Records from a collection

════════════════

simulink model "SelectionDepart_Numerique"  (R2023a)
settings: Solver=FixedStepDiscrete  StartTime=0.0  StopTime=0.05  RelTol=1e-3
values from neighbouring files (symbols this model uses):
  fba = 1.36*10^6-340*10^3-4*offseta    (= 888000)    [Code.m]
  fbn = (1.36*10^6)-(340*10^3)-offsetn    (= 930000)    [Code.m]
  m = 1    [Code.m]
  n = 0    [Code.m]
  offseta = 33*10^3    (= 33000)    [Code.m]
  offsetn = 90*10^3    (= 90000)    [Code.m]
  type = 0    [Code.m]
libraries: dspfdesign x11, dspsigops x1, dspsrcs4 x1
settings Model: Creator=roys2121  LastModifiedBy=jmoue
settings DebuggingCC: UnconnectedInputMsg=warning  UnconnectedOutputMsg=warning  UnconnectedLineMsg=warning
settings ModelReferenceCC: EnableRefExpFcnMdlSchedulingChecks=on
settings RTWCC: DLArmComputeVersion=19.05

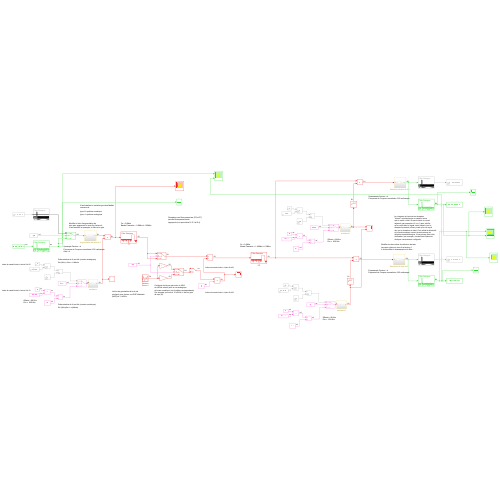
[thumbnail: Simulink's stored preview of the top-level diagram]
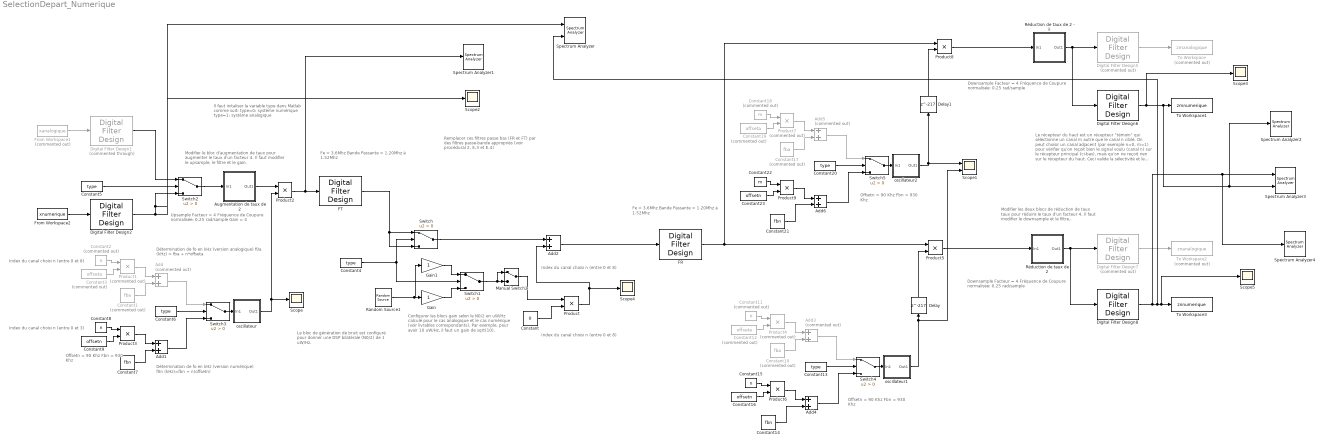
== system SelectionDepart_Numerique ==
  note: Upsample Facteur = 4
      | Fréquence de Coupure normalisée: 0.25 rad/sample
      | Gain = 4
  note: Le récepteur du haut est un récepteur
      | "témoin" qui sélectionne un canal m autre
      | que le canal n ciblé. On peut choisir un canal
      | adjacent (par exemple n=0, m=1) pour vérifier
      | qu'on reçoit bien le signal voulu (canal n) sur le
      | récepteur principal (ci-bas), mais qu'on ne reçoit
      | rien sur le récepteur du haut. Ceci valide la sélectivité
      | et le fonctionnement correct du mécanisme de
      | séleciton superhétérodyne. Vous pouvez faire cette
      | vérification, par exemple, via des blocs Spectrum
      | Analyzer correctement configurés.
  note: Modifier le bloc d'augmentation de
      | taux pour augmenter le taux d'un facteur 4.
      | Il faut modifier le upsample, le filtre et le gain.
  note: Remplacer ces filtres passe bas (FR et FT)
      | par des filtres passe-bande
      | appropriés (voir procédural 2, E.3 et E.4)
  note: Configurer les blocs gain selon le N0/2
      | en uW/Hz calculé pour le cas analogique
      | et le cas numérique (voir livrables correspondants).
      | Par exemple, pour avoir 10 uW/Hz, il faut un gain
      | de sqrt(10).
  note: Il faut initaliser la variable type dans Matlab
      | comme suit:
      |
      | type=0: système numérique
      | type=1: système analogique
  note: Le bloc de génération de bruit est
      | configuré pour donner une DSP bilatérale
      | (N0/2) de 1 uW/Hz.
  note: Index du canal choisi n (entre 0 et 8)
  note: Détermination de fo en kHz (version analogique)
      | f0a (kHz) = fba + n*offseta
  note: Détermination de fo en kHz (version numérique)
      | f0n (kHz)=fbn + n(offsetn)
  note: Index du canal choisi n (entre 0 et 3)
  note: Index du canal choisi n (entre 0 et 8)
  note: Index du canal choisi n (entre 0 et 8)
  note: Modifier les deux blocs de réduction de taux
      | taux pour réduire le taux d'un facteur 4.
      | Il faut modifier le downsample et le filtre..
  note: Downsample Facteur = 4
      | Fréquence de Coupure normalisée: 0.25 rad/sample
  note: Downsample Facteur = 4
      | Fréquence de Coupure normalisée: 0.25 rad/sample
  note: Fe = 3.6Mhz
      | Bande Passante = 1.20Mhz à 1.52Mhz
  note: Fe = 3.6Mhz
      | Bande Passante = 1.20Mhz à 1.52Mhz
  note: Offsetn = 90 Khz
      | Fbn =  930 Khz
  note: Offsetn = 90 Khz
      | Fbn =  930 Khz
  note: Offsetn = 90 Khz
      | Fbn =  930 Khz
  Add : Sum  Commented=on
  Add{1..2,4,6} (4 alike) : Sum
  Add3 : Sum  Commented=on
  Add5 : Sum  Commented=on
  Augmentation de taux de 2 : Subsystem
  Constant : Constant  Value=0
  Constant1 : Constant  Commented=on  Value=fba
  Constant10 : Constant  Commented=on  Value=fba
  Constant11 : Constant  Commented=on  Value=n
  Constant12 : Constant  Commented=on  Value=offseta
  Constant{4..6,13,20} (5 alike) : Constant  Value=type
  Constant14 : Constant  Value=fbn
  Constant15 : Constant  Value=n
  Constant16 : Constant  Value=offsetn
  Constant17 : Constant  Commented=on  Value=fba
  Constant18 : Constant  Commented=on  Value=m
  Constant19 : Constant  Commented=on  Value=offseta
  Constant2 : Constant  Commented=on  Value=n
  Constant21 : Constant  Value=fbn
  Constant22 : Constant  Value=m
  Constant23 : Constant  Value=offsetn
  Constant3 : Constant  Commented=on  Value=offseta
  Constant7 : Constant  Value=fbn
  Constant8 : Constant  Value=n
  Constant9 : Constant  Value=offsetn
  Delay : Delay  DelayLength=217  InitialCondition=0
  Delay1 : Delay  DelayLength=217  InitialCondition=0
  Digital Filter Design1 : dspfdesign/Digital Filter Design  Commented=through  mwdsp_browser_bugfix_var=off
  Digital Filter Design2 : dspfdesign/Digital Filter Design  mwdsp_browser_bugfix_var=off
  Digital Filter Design5 : dspfdesign/Digital Filter Design  Commented=on  mwdsp_browser_bugfix_var=off
  Digital Filter Design6 : dspfdesign/Digital Filter Design  mwdsp_browser_bugfix_var=off
  Digital Filter Design7 : dspfdesign/Digital Filter Design  Commented=on  mwdsp_browser_bugfix_var=off
  Digital Filter Design8 : dspfdesign/Digital Filter Design  mwdsp_browser_bugfix_var=off
  FR : dspfdesign/Digital Filter Design  mwdsp_browser_bugfix_var=off
  FT : dspfdesign/Digital Filter Design  mwdsp_browser_bugfix_var=off
  From Workspace1 : FromWorkspace  Commented=on  VariableName=xanalogique  SampleTime=1/3.2e6  Interpolate=off  ZeroCross=off  OutputAfterFinalValue=Setting to zero
  From Workspace2 : FromWorkspace  VariableName=xnumerique  SampleTime=1/3.2e6  Interpolate=off  OutputAfterFinalValue=Setting to zero
  Gain : Gain
  Gain1 : Gain
  Manual Switch2 : ManualSwitch
  Product{,2..3,5..6,8..9} (7 alike) : Product
  Product1 : Product  Commented=on
  Product4 : Product  Commented=on
  Product7 : Product  Commented=on
  Random Source1 : dspsrcs4/Random Source  SrcType=Gaussian  NormMethod=Ziggurat  CltLength=12  MinVal=0  MaxVal=1  MeanVal=0  VarVal=12.8  RepMode=Not repeatable  rawSeed=1  IsInherit=off  SampMode=Discrete  SampTime=1/12.8e6  SampFrame=1  DataType=Double  OutComplex=Real  OutputFrames=off
  Réduction de taux de 2 : Subsystem
  Réduction de taux de 2 - ii : Subsystem
  Scope{,2..5} (5 alike) : Scope
  Scope1 : Scope  NumInputPorts=2
  Spectrum Analyzer : SpectrumAnalyzer  NumInputPorts=2  WindowPosition=[1.000000,49.000000,1536.000000,793.000000,]  ScopeFrameLocation=window  SpectrumType=Power density  Span=3199999.9999999995  StartFrequency=-1599999.9999999998  StopFrequency=1599999.9999999998  SpectrumUnits=dBm/Hz  YLimits=[-353.1193091,31.24292564]  ColorLimits=[-80 20]  ShowLegend=on
      settings: OpenAtSimulationStart=off
  Spectrum Analyzer1 : SpectrumAnalyzer  WindowPosition=[263.000000,-47.000000,859.000000,793.000000,]  ScopeFrameLocation=window  SpectrumType=Power density  Span=3199999.9999999995  StartFrequency=-1599999.9999999998  StopFrequency=1599999.9999999998  SpectrumUnits=dBm/Hz  YLimits=[-221.78881257,0.57252366]  ColorLimits=[-80 20]  ShowLegend=on  ExpandToolstrip=on
      settings: OpenAtSimulationStart=off
  Spectrum Analyzer2 : SpectrumAnalyzer  WindowPosition=[452.000000,4.000000,859.000000,793.000000,]  ScopeFrameLocation=window  SpectrumType=Power density  Span=3199999.9999999995  StartFrequency=-1599999.9999999998  StopFrequency=1599999.9999999998  SpectrumUnits=dBm/Hz  YLimits=[-332.31238855,-110.52438926]  ColorLimits=[-80 20]  ShowLegend=on  ExpandToolstrip=on
      settings: OpenAtSimulationStart=off
  Spectrum Analyzer3 : SpectrumAnalyzer  NumInputPorts=2  WindowPosition=[1.000000,49.000000,1536.000000,793.000000,]  ScopeFrameLocation=window  SpectrumType=Power density  Span=3199999.9999999995  StartFrequency=-1599999.9999999998  StopFrequency=1599999.9999999998  SpectrumUnits=dBm/Hz  YLimits=[-337.43057268,-109.95570214]  ColorLimits=[-80 20]  ShowLegend=on
      settings: OpenAtSimulationStart=off
  Spectrum Analyzer4 : SpectrumAnalyzer  WindowPosition=[1.000000,49.000000,1536.000000,793.000000,]  ScopeFrameLocation=window  SpectrumType=Power density  Span=3199999.9999999995  StartFrequency=-1599999.9999999998  StopFrequency=1599999.9999999998  SpectrumUnits=dBm/Hz  YLimits=[-336.15497606,-121.43607168]  ColorLimits=[-80 20]  ShowLegend=on  ExpandToolstrip=on
      settings: OpenAtSimulationStart=off
  Switch{,1..5} (6 alike) : Switch  Criteria=u2 > Threshold  SaturateOnIntegerOverflow=off  InputSameDT=off
  To Workspace : ToWorkspace  Commented=on  VariableName=zmanalogique  SampleTime=-1
      settings: Save2DSignal=2-D array (concatenate along first dimension)
  To Workspace1 : ToWorkspace  VariableName=zmnumerique  SampleTime=-1
      settings: Save2DSignal=2-D array (concatenate along first dimension)
  To Workspace2 : ToWorkspace  Commented=on  VariableName=znanalogique  SampleTime=-1
      settings: Save2DSignal=2-D array (concatenate along first dimension)
  To Workspace3 : ToWorkspace  VariableName=znnumerique  SampleTime=-1
      settings: Save2DSignal=2-D array (concatenate along first dimension)
  oscillateur : Subsystem
  oscillateur1 : Subsystem
  oscillateur2 : Subsystem
  wires:
  From Workspace1/1 -> Digital Filter Design1/1
  From Workspace2/1 -> Digital Filter Design2/1
  oscillateur/1(Out1) -> Product2/2, Scope/1
  Constant2/1 -> Product1/1
  Constant3/1 -> Product1/2
  Constant1/1 -> Add/2
  Product1/1 -> Add/1
  Switch/1 -> Add2/1
  FT/1 -> Switch/3, Switch/1
  Constant4/1 -> Switch/2, Switch1/2
  Switch1/1 -> Manual Switch2/1, Manual Switch2/2
  Random Source1/1 -> Gain1/1, Gain/1
  Gain/1 -> Switch1/3
  Gain1/1 -> Switch1/1
  Augmentation de taux de 2/1(Out1) -> Product2/1
  Digital Filter Design2/1 -> Scope2/1, Spectrum Analyzer/1, Switch2/3
  Digital Filter Design1/1 -> Switch2/1
  Switch2/1 -> Augmentation de taux de 2/1(In1)
  Constant5/1 -> Switch2/2
  Constant6/1 -> Switch3/2
  Switch3/1 -> oscillateur/1(In1)
  Add/1 -> Switch3/1
  Constant8/1 -> Product3/1
  Constant9/1 -> Product3/2
  Constant7/1 -> Add1/2
  Product3/1 -> Add1/1
  Add1/1 -> Switch3/3
  Add2/1 -> FR/1
  Constant11/1 -> Product4/1
  Constant15/1 -> Product6/1
  Constant12/1 -> Product4/2
  Product4/1 -> Add3/1
  oscillateur1/1(Out1) -> Scope1/2, Delay/1
  Constant16/1 -> Product6/2
  Constant13/1 -> Switch4/2
  Add4/1 -> Switch4/3
  Constant14/1 -> Add4/2
  Constant10/1 -> Add3/2
  Add3/1 -> Switch4/1
  Product6/1 -> Add4/1
  Switch4/1 -> oscillateur1/1(In1)
  FR/1 -> Product8/1, Product5/1
  Delay/1 -> Product5/2
  Product9/1 -> Add6/1
  Add5/1 -> Switch5/1
  Delay1/1 -> Product8/2
  Constant21/1 -> Add6/2
  Constant19/1 -> Product7/2
  Add6/1 -> Switch5/3
  Switch5/1 -> oscillateur2/1(In1)
  Constant23/1 -> Product9/2
  Product7/1 -> Add5/1
  oscillateur2/1(Out1) -> Scope1/1, Delay1/1
  Constant20/1 -> Switch5/2
  Constant17/1 -> Add5/2
  Constant18/1 -> Product7/1
  Constant22/1 -> Product9/1
  Réduction de taux de 2 - ii/1(Out1) -> Digital Filter Design6/1, Digital Filter Design5/1
  Réduction de taux de 2/1(Out1) -> Digital Filter Design8/1, Digital Filter Design7/1
  Digital Filter Design7/1 -> To Workspace2/1
  Digital Filter Design8/1 -> Spectrum Analyzer4/1, Spectrum Analyzer3/1, Spectrum Analyzer/2, Scope5/1, To Workspace3/1
  Digital Filter Design5/1 -> To Workspace/1
  Digital Filter Design6/1 -> Scope3/1, Spectrum Analyzer2/1, Spectrum Analyzer3/2, To Workspace1/1
  Product8/1 -> Réduction de taux de 2 - ii/1(In1)
  Product5/1 -> Réduction de taux de 2/1(In1)
  Product2/1 -> Spectrum Analyzer1/1, FT/1
  Product/1 -> Scope4/1, Add2/2
  Manual Switch2/1 -> Product/1
  Constant/1 -> Product/2

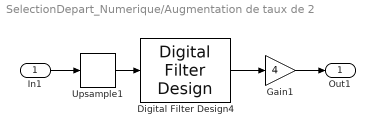
== system SelectionDepart_Numerique/Augmentation de taux de 2 ==
  In1 : Inport
  Digital Filter Design4 : dspfdesign/Digital Filter Design  mwdsp_browser_bugfix_var=off
  Gain1 : Gain  Gain=4
  Upsample1 : dspsigops/Upsample  FactorSource=Dialog parameter  N=4  Nmax=16  phase=0  RateOptions=Allow multirate processing  ic=0  mode=Unused parameter value
  Out1 : Outport
  wires:
  Upsample1/1 -> Digital Filter Design4/1
  Gain1/1 -> Out1/1
  Digital Filter Design4/1 -> Gain1/1
  In1/1 -> Upsample1/1

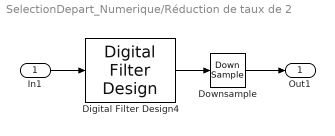
== system SelectionDepart_Numerique/Réduction de taux de 2 ==
  In1 : Inport
  Digital Filter Design4 : dspfdesign/Digital Filter Design  mwdsp_browser_bugfix_var=off
  Downsample : DownSample  N=4  RateOptions=Allow multirate processing
  Out1 : Outport
  wires:
  In1/1 -> Digital Filter Design4/1
  Digital Filter Design4/1 -> Downsample/1
  Downsample/1 -> Out1/1

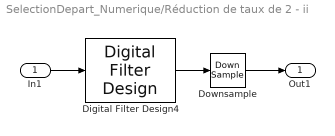
== system SelectionDepart_Numerique/Réduction de taux de 2 - ii ==
  In1 : Inport
  Digital Filter Design4 : dspfdesign/Digital Filter Design  mwdsp_browser_bugfix_var=off
  Downsample : DownSample  N=4  RateOptions=Allow multirate processing
  Out1 : Outport
  wires:
  Downsample/1 -> Out1/1
  In1/1 -> Digital Filter Design4/1
  Digital Filter Design4/1 -> Downsample/1

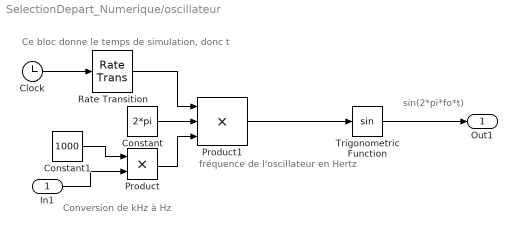
== system SelectionDepart_Numerique/oscillateur ==
  note: sin(2*pi*fo*t)
  note: Conversion de kHz à Hz
  note: Ce bloc donne le temps de simulation, donc t
  note: fréquence de l'oscillateur en Hertz
  In1 : Inport
  Clock : Clock
  Constant : Constant  Value=2*pi
  Constant1 : Constant  Value=1000
  Product : Product
  Product1 : Product  Inputs=3
  Rate Transition : RateTransition  OutPortSampleTime=1/12.8e6
  Trigonometric Function : Trigonometry
  Out1 : Outport
  wires:
  Trigonometric Function/1 -> Out1/1
  Product1/1 -> Trigonometric Function/1
  Constant/1 -> Product1/2
  Product/1 -> Product1/3
  In1/1 -> Product/2
  Constant1/1 -> Product/1
  Clock/1 -> Rate Transition/1
  Rate Transition/1 -> Product1/1

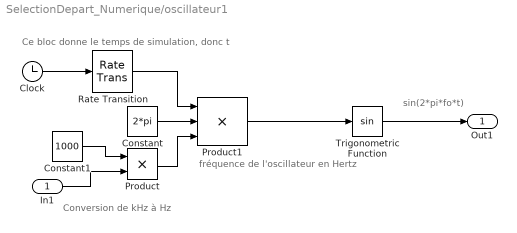
== system SelectionDepart_Numerique/oscillateur1 ==
  note: sin(2*pi*fo*t)
  note: Conversion de kHz à Hz
  note: Ce bloc donne le temps de simulation, donc t
  note: fréquence de l'oscillateur en Hertz
  In1 : Inport
  Clock : Clock
  Constant : Constant  Value=2*pi
  Constant1 : Constant  Value=1000
  Product : Product
  Product1 : Product  Inputs=3
  Rate Transition : RateTransition  OutPortSampleTime=1/12.8e6
  Trigonometric Function : Trigonometry
  Out1 : Outport
  wires:
  Trigonometric Function/1 -> Out1/1
  Product1/1 -> Trigonometric Function/1
  Constant/1 -> Product1/2
  Product/1 -> Product1/3
  In1/1 -> Product/2
  Constant1/1 -> Product/1
  Clock/1 -> Rate Transition/1
  Rate Transition/1 -> Product1/1

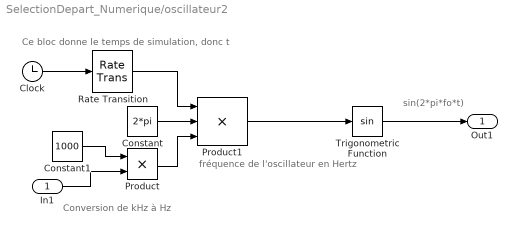
== system SelectionDepart_Numerique/oscillateur2 ==
  note: sin(2*pi*fo*t)
  note: Conversion de kHz à Hz
  note: Ce bloc donne le temps de simulation, donc t
  note: fréquence de l'oscillateur en Hertz
  In1 : Inport
  Clock : Clock
  Constant : Constant  Value=2*pi
  Constant1 : Constant  Value=1000
  Product : Product
  Product1 : Product  Inputs=3
  Rate Transition : RateTransition  OutPortSampleTime=1/12.8e6
  Trigonometric Function : Trigonometry
  Out1 : Outport
  wires:
  Trigonometric Function/1 -> Out1/1
  Product1/1 -> Trigonometric Function/1
  Constant/1 -> Product1/2
  Product/1 -> Product1/3
  In1/1 -> Product/2
  Constant1/1 -> Product/1
  Clock/1 -> Rate Transition/1
  Rate Transition/1 -> Product1/1

════════════════

- _Assignment_: Copy word for word the stretch of entries above from the line that has "oscillateur : Subsystem" through the line that has "Product1/1 -> Add/1", both ends included, and nothing outside it.

- _Result below_:
  oscillateur : Subsystem
  oscillateur1 : Subsystem
  oscillateur2 : Subsystem
  wires:
  From Workspace1/1 -> Digital Filter Design1/1
  From Workspace2/1 -> Digital Filter Design2/1
  oscillateur/1(Out1) -> Product2/2, Scope/1
  Constant2/1 -> Product1/1
  Constant3/1 -> Product1/2
  Constant1/1 -> Add/2
  Product1/1 -> Add/1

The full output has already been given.